Fast.ly broke the Internet for an hour this morning
SPOF FTL —
Every redundant system still has single points of failure—usually human.
For roughly an hour this morning—6 am to 7 am EDT, give or take a few minutes—enormous swathes of the Internet were down or interestingly broken. Sites taken down included CNN, The Guardian, The New York Times, PayPal, and Spotify, among many more—including The Verge, which resorted to reporting via Google Docs during the duration of the outage.
Vast chunks of the internet are offline, including The Verge. Until we’re back, we’re reporting to you live out of Google Docs. Here’s what we know so far about the outage: https://t.co/4b1p2qhYif
— The Verge (@verge) June 8, 2021
The underlying problem was an outage at Fastly, one of the world’s largest Content Delivery Network providers—the entire service went down due to a misconfiguration that it had deployed to all of its Points Of Presence (POPs) globally. As a result, sites using Fastly for content delivery came up with various errors dependent on the local site configuration. Some sites delivered relatively uninformative plain HTTP 503 (Service Unavailable) pages, while others returned errors such as “Fastly error: unknown domain.”

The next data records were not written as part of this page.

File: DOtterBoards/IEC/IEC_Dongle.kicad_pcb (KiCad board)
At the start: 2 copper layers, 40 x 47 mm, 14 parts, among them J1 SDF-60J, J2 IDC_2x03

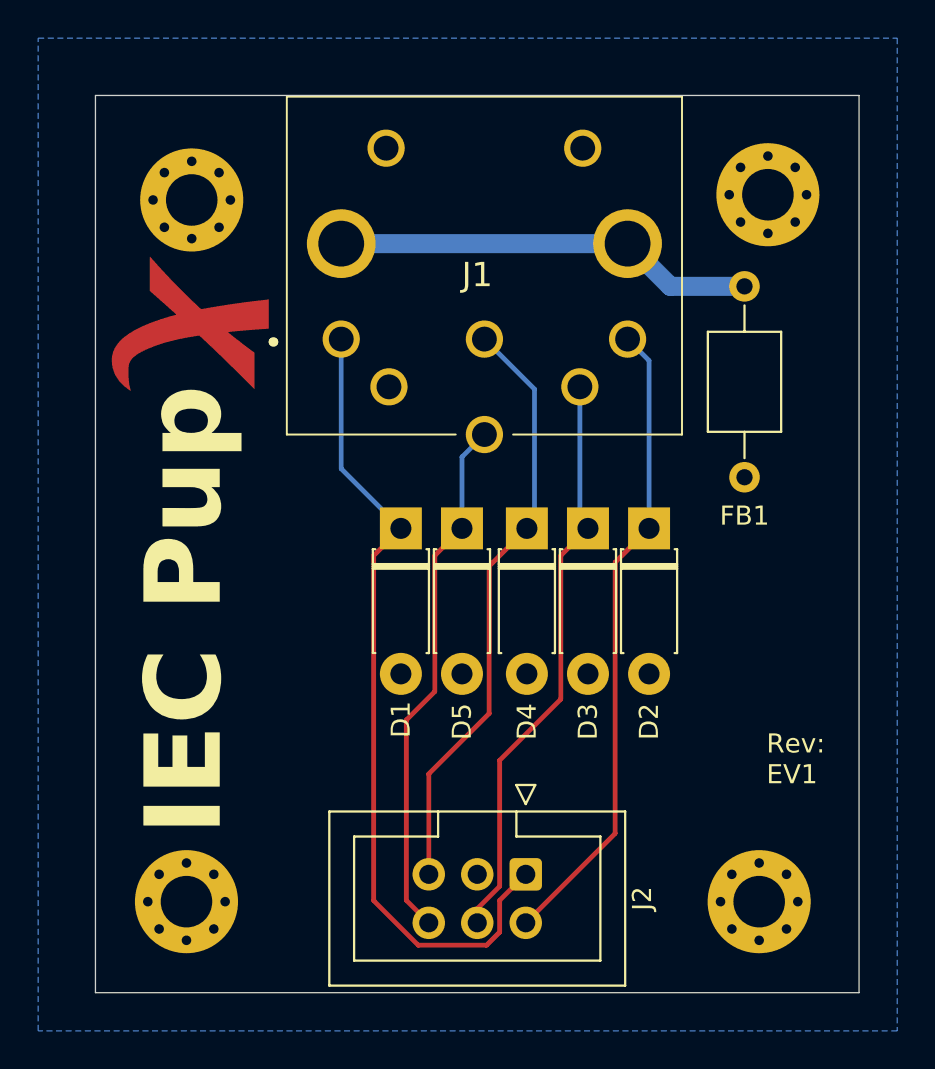
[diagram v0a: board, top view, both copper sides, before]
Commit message: Rename dongle boards to D'Otterboards
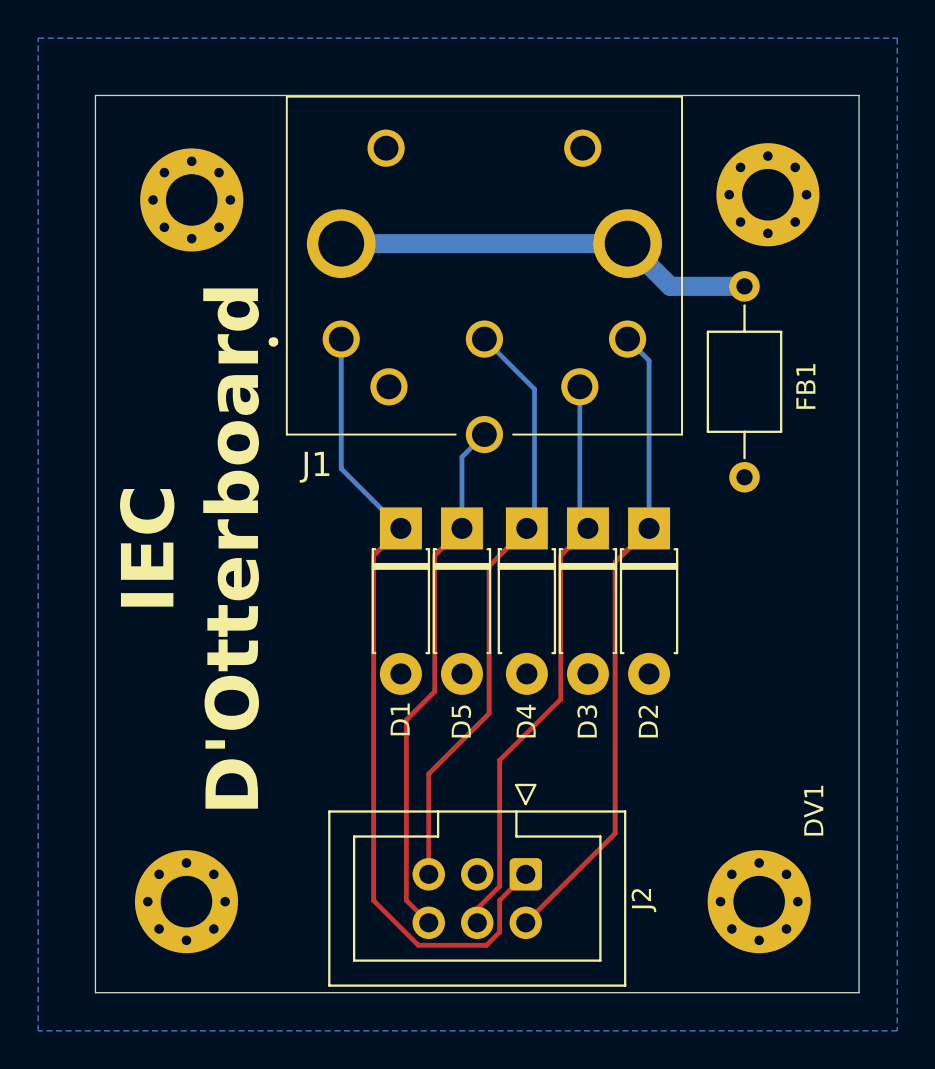
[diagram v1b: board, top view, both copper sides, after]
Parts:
- removed G***: LOGO, OtterX:Fancy_X_FCu
- removed G***: LOGO, OtterX:Fancy_X_Mask
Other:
- board text added: "DV1"
- board text added: "IEC D'Otterboard"
- board text removed: "IEC Pup"
- board text removed: "Rev: EV1"

The “unknown domain” error gives us some tantalizing hints to the nature of the problem, which is more than Fastly’s own status updates have so far. This tells us that Fastly’s network was up and its Varnish cache servers were answering requests, but its cache configuration—the Varnish Control Language files that point the cache server to the back-end servers supplying the original content—was almost certainly either missing or garbled.
Fastly’s own status page acknowledged the issue at 5:58 am EDT, then declared it identified at 6:44 am and fixed (with “increased origin load,” which in many cases may effectively have meant sites were still unavailable for a while) at 6:57 am. The status page classified the issue as a “global CDN disruption” but gave no technical details. A tweet from the Fastly engineering team gave slightly more detail:
We identified a service configuration that triggered disruptions across our POPs globally and have disabled that configuration. Our global network is coming back online. Continued status is available at https://t.co/RIQWX0LWwl
— Fastly (@fastly) June 8, 2021
Although the outage was mercifully brief—Director of Internet Analysis Doug Madory told CNN that his firm Kentik saw Fastly traffic disappear at 5:49 am and begin reappearing at 6:39 am—the financial impact can be enormous. Media measurement firm Kantar guesstimated $29 million dollars in ad revenue lost worldwide during the hour-long outage.
Fastly’s brief snafu doesn’t appear to have bothered investors too much. FSLY dipped $0.81 in pre-market trading at the New York Stock Exchange—likely due to the outage itself—but bounced up $3.24 by 10 am. At closing, it was up to $56.20, a 10.8 percent increase from yesterday’s $50.70 closing price.